**Task directions**
Please tally the lines in the records that include the word "ezdxf" and answer with the bare number.

Stored entries
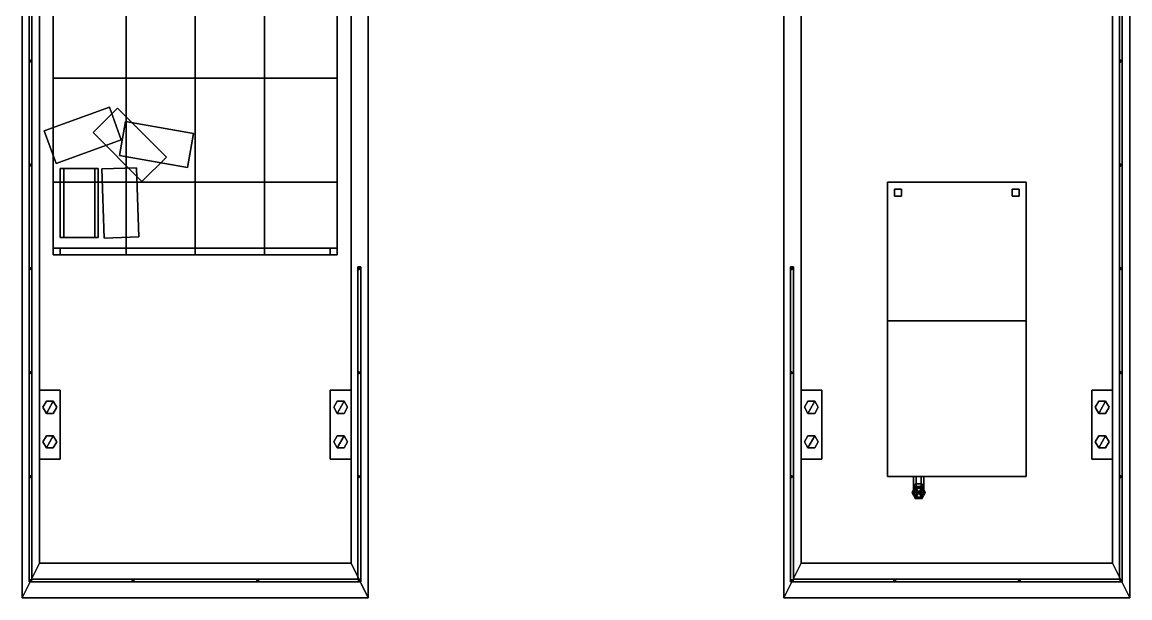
# Model space of a CAD drawing. Header units: millimetres. Extents: x -8 to 8, y -10 to 20.5.
# Drawn here: x -8 to 8, y -10 to -1.69 of the extents above; entities that cross this region are included whole.
import ezdxf

# ---------------------------------------------------------------- set-up
doc = ezdxf.new("R2010")
doc.units = ezdxf.units.MM
doc.layers.add('barge2', color=7, linetype='Continuous')

msp = doc.modelspace()

# ---------------------------------------------------------------- linework, layer by layer
for points in [[(3, 9.75), (3, -10), (3, -10, 1), (3, 10, 1)], [(3, 10, 1), (3, -10, 1), (8, -10, 1), (8, 10, 1)], [(8, -10, 1), (8, -10), (8, 9.75), (8, 10, 1)], [(7.85, 9.73, 2), (7.85, -9.73, 2), (7.89, -9.77, 2), (7.89, 9.77, 2)], [(7.89, 9.77, 2), (7.89, -9.77, 2), (7.85, -9.73, 2), (7.85, 9.73, 2)], [(3.25, 9, -1), (3.25, -9.5, -1), (3, -10), (3, 9.75)], [(8, -10), (7.75, -9.5, -1), (7.75, 9, -1), (8, 9.75)], [(7.75, 9, -1), (7.75, -9.5, -1), (3.25, -9.5, -1), (3.25, 9, -1)], [(7.86, -2.233, 1), (7.86, -2.267, 1), (7.86, -2.267, 2), (7.86, -2.233, 2)], [(7.89, -2.25, 1), (7.86, -2.233, 1), (7.86, -2.233, 2), (7.89, -2.25, 2)], [(7.86, -2.267, 1), (7.89, -2.25, 1), (7.89, -2.25, 2), (7.86, -2.267, 2)], [(7.89, -3.75, 1), (7.86, -3.733, 1), (7.86, -3.733, 2), (7.89, -3.75, 2)], [(7.86, -3.733, 1), (7.86, -3.767, 1), (7.86, -3.767, 2), (7.86, -3.733, 2)], [(7.86, -3.767, 1), (7.89, -3.75, 1), (7.89, -3.75, 2), (7.86, -3.767, 2)], [(4.5, -4, 3.25), (4.5, -6, 3.25), (6.5, -6, 3.25), (6.5, -4, 3.25)], [(6.5, -4, 3.25), (6.5, -6, 3.25), (4.5, -6, 3.25), (4.5, -4, 3.25)], [(4.6, -4.1, 1), (4.6, -4.2, 1), (4.6, -4.2, 3.25), (4.6, -4.1, 3.25)], [(4.7, -4.1, 3.25), (4.7, -4.1, 1), (4.6, -4.1, 1), (4.6, -4.1, 3.25)], [(4.7, -4.2, 3.25), (4.7, -4.2, 1), (4.7, -4.1, 1), (4.7, -4.1, 3.25)], [(6.4, -4.1, 3.25), (6.4, -4.1, 1), (6.3, -4.1, 1), (6.3, -4.1, 3.25)], [(6.3, -4.1, 1), (6.3, -4.2, 1), (6.3, -4.2, 3.25), (6.3, -4.1, 3.25)], [(6.4, -4.2, 3.25), (6.4, -4.2, 1), (6.4, -4.1, 1), (6.4, -4.1, 3.25)], [(4.6, -4.2, 3.25), (4.6, -4.2, 1), (4.7, -4.2, 1), (4.7, -4.2, 3.25)], [(6.3, -4.2, 3.25), (6.3, -4.2, 1), (6.4, -4.2, 1), (6.4, -4.2, 3.25)], [(3.1, -5.22, 2), (3.1, -9.77, 2), (3.14, -9.73, 2), (3.14, -5.22, 2)], [(3.14, -5.22, 2), (3.14, -9.73, 2), (3.1, -9.77, 2), (3.1, -5.22, 2)], [(3.14, -5.25, 1), (3.11, -5.233, 1), (3.11, -5.233, 2), (3.14, -5.25, 2)], [(3.11, -5.233, 1), (3.11, -5.267, 1), (3.11, -5.267, 2), (3.11, -5.233, 2)], [(3.11, -5.267, 1), (3.14, -5.25, 1), (3.14, -5.25, 2), (3.11, -5.267, 2)], [(7.86, -5.233, 1), (7.86, -5.267, 1), (7.86, -5.267, 2), (7.86, -5.233, 2)], [(7.89, -5.25, 1), (7.86, -5.233, 1), (7.86, -5.233, 2), (7.89, -5.25, 2)], [(7.86, -5.267, 1), (7.89, -5.25, 1), (7.89, -5.25, 2), (7.86, -5.267, 2)], [(4.5, -6, 1), (4.5, -8.25, 1), (4.5, -8.25, 3), (4.5, -6, 3.25)], [(4.5, -6, 3.25), (4.5, -8.25, 3), (6.5, -8.25, 3), (6.5, -6, 3.25)], [(6.5, -6, 3.25), (6.5, -6, 1), (4.5, -6, 1), (4.5, -6, 3.25)], [(6.5, -8.25, 3), (6.5, -8.25, 1), (6.5, -6, 1), (6.5, -6, 3.25)], [(3.11, -6.733, 1), (3.11, -6.767, 1), (3.11, -6.767, 2), (3.11, -6.733, 2)], [(3.14, -6.75, 1), (3.11, -6.733, 1), (3.11, -6.733, 2), (3.14, -6.75, 2)], [(3.11, -6.767, 1), (3.14, -6.75, 1), (3.14, -6.75, 2), (3.11, -6.767, 2)], [(7.89, -6.75, 1), (7.86, -6.733, 1), (7.86, -6.733, 2), (7.89, -6.75, 2)], [(7.86, -6.733, 1), (7.86, -6.767, 1), (7.86, -6.767, 2), (7.86, -6.733, 2)], [(7.86, -6.767, 1), (7.89, -6.75, 1), (7.89, -6.75, 2), (7.86, -6.767, 2)], [(3.55, -7, 1.1), (3.55, -7, 1), (3.25, -7, 1), (3.25, -7, 1.1)], [(3.25, -7, 1), (3.25, -8, 1), (3.25, -8, 1.1), (3.25, -7, 1.1)], [(3.25, -7, 1.1), (3.25, -8, 1.1), (3.55, -8, 1.1), (3.55, -7, 1.1)], [(3.55, -8, 1.1), (3.55, -8, 1), (3.55, -7, 1), (3.55, -7, 1.1)], [(7.45, -7, 1), (7.45, -8, 1), (7.45, -8, 1.1), (7.45, -7, 1.1)], [(7.75, -7, 1.1), (7.75, -7, 1), (7.45, -7, 1), (7.45, -7, 1.1)], [(7.45, -7, 1.1), (7.45, -8, 1.1), (7.75, -8, 1.1), (7.75, -7, 1.1)], [(7.75, -8, 1.1), (7.75, -8, 1), (7.75, -7, 1), (7.75, -7, 1.1)], [(3.35, -7.163, 1.1), (3.3, -7.25, 1.1), (3.3, -7.25, 1.4), (3.35, -7.163, 1.4)], [(3.35, -7.163, 1.4), (3.3, -7.25, 1.4), (3.35, -7.337, 1.4), (3.45, -7.163, 1.4)], [(3.45, -7.163, 1.1), (3.35, -7.163, 1.1), (3.35, -7.163, 1.4), (3.45, -7.163, 1.4)], [(3.45, -7.163, 1.4), (3.35, -7.337, 1.4), (3.45, -7.337, 1.4), (3.5, -7.25, 1.4)], [(3.5, -7.25, 1.1), (3.45, -7.163, 1.1), (3.45, -7.163, 1.4), (3.5, -7.25, 1.4)], [(7.55, -7.163, 1.1), (7.5, -7.25, 1.1), (7.5, -7.25, 1.4), (7.55, -7.163, 1.4)], [(7.55, -7.163, 1.4), (7.5, -7.25, 1.4), (7.55, -7.337, 1.4), (7.65, -7.163, 1.4)], [(7.65, -7.163, 1.1), (7.55, -7.163, 1.1), (7.55, -7.163, 1.4), (7.65, -7.163, 1.4)], [(7.65, -7.163, 1.4), (7.55, -7.337, 1.4), (7.65, -7.337, 1.4), (7.7, -7.25, 1.4)], [(7.7, -7.25, 1.1), (7.65, -7.163, 1.1), (7.65, -7.163, 1.4), (7.7, -7.25, 1.4)], [(3.3, -7.25, 1.1), (3.35, -7.337, 1.1), (3.35, -7.337, 1.4), (3.3, -7.25, 1.4)], [(3.35, -7.337, 1.1), (3.45, -7.337, 1.1), (3.45, -7.337, 1.4), (3.35, -7.337, 1.4)], [(3.45, -7.337, 1.1), (3.5, -7.25, 1.1), (3.5, -7.25, 1.4), (3.45, -7.337, 1.4)], [(7.5, -7.25, 1.1), (7.55, -7.337, 1.1), (7.55, -7.337, 1.4), (7.5, -7.25, 1.4)], [(7.55, -7.337, 1.1), (7.65, -7.337, 1.1), (7.65, -7.337, 1.4), (7.55, -7.337, 1.4)], [(7.65, -7.337, 1.1), (7.7, -7.25, 1.1), (7.7, -7.25, 1.4), (7.65, -7.337, 1.4)], [(3.35, -7.663, 1.1), (3.3, -7.75, 1.1), (3.3, -7.75, 1.4), (3.35, -7.663, 1.4)], [(3.35, -7.663, 1.4), (3.3, -7.75, 1.4), (3.35, -7.837, 1.4), (3.45, -7.663, 1.4)], [(3.45, -7.663, 1.1), (3.35, -7.663, 1.1), (3.35, -7.663, 1.4), (3.45, -7.663, 1.4)], [(3.45, -7.663, 1.4), (3.35, -7.837, 1.4), (3.45, -7.837, 1.4), (3.5, -7.75, 1.4)], [(3.5, -7.75, 1.1), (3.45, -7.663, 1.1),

**Solved problem**
3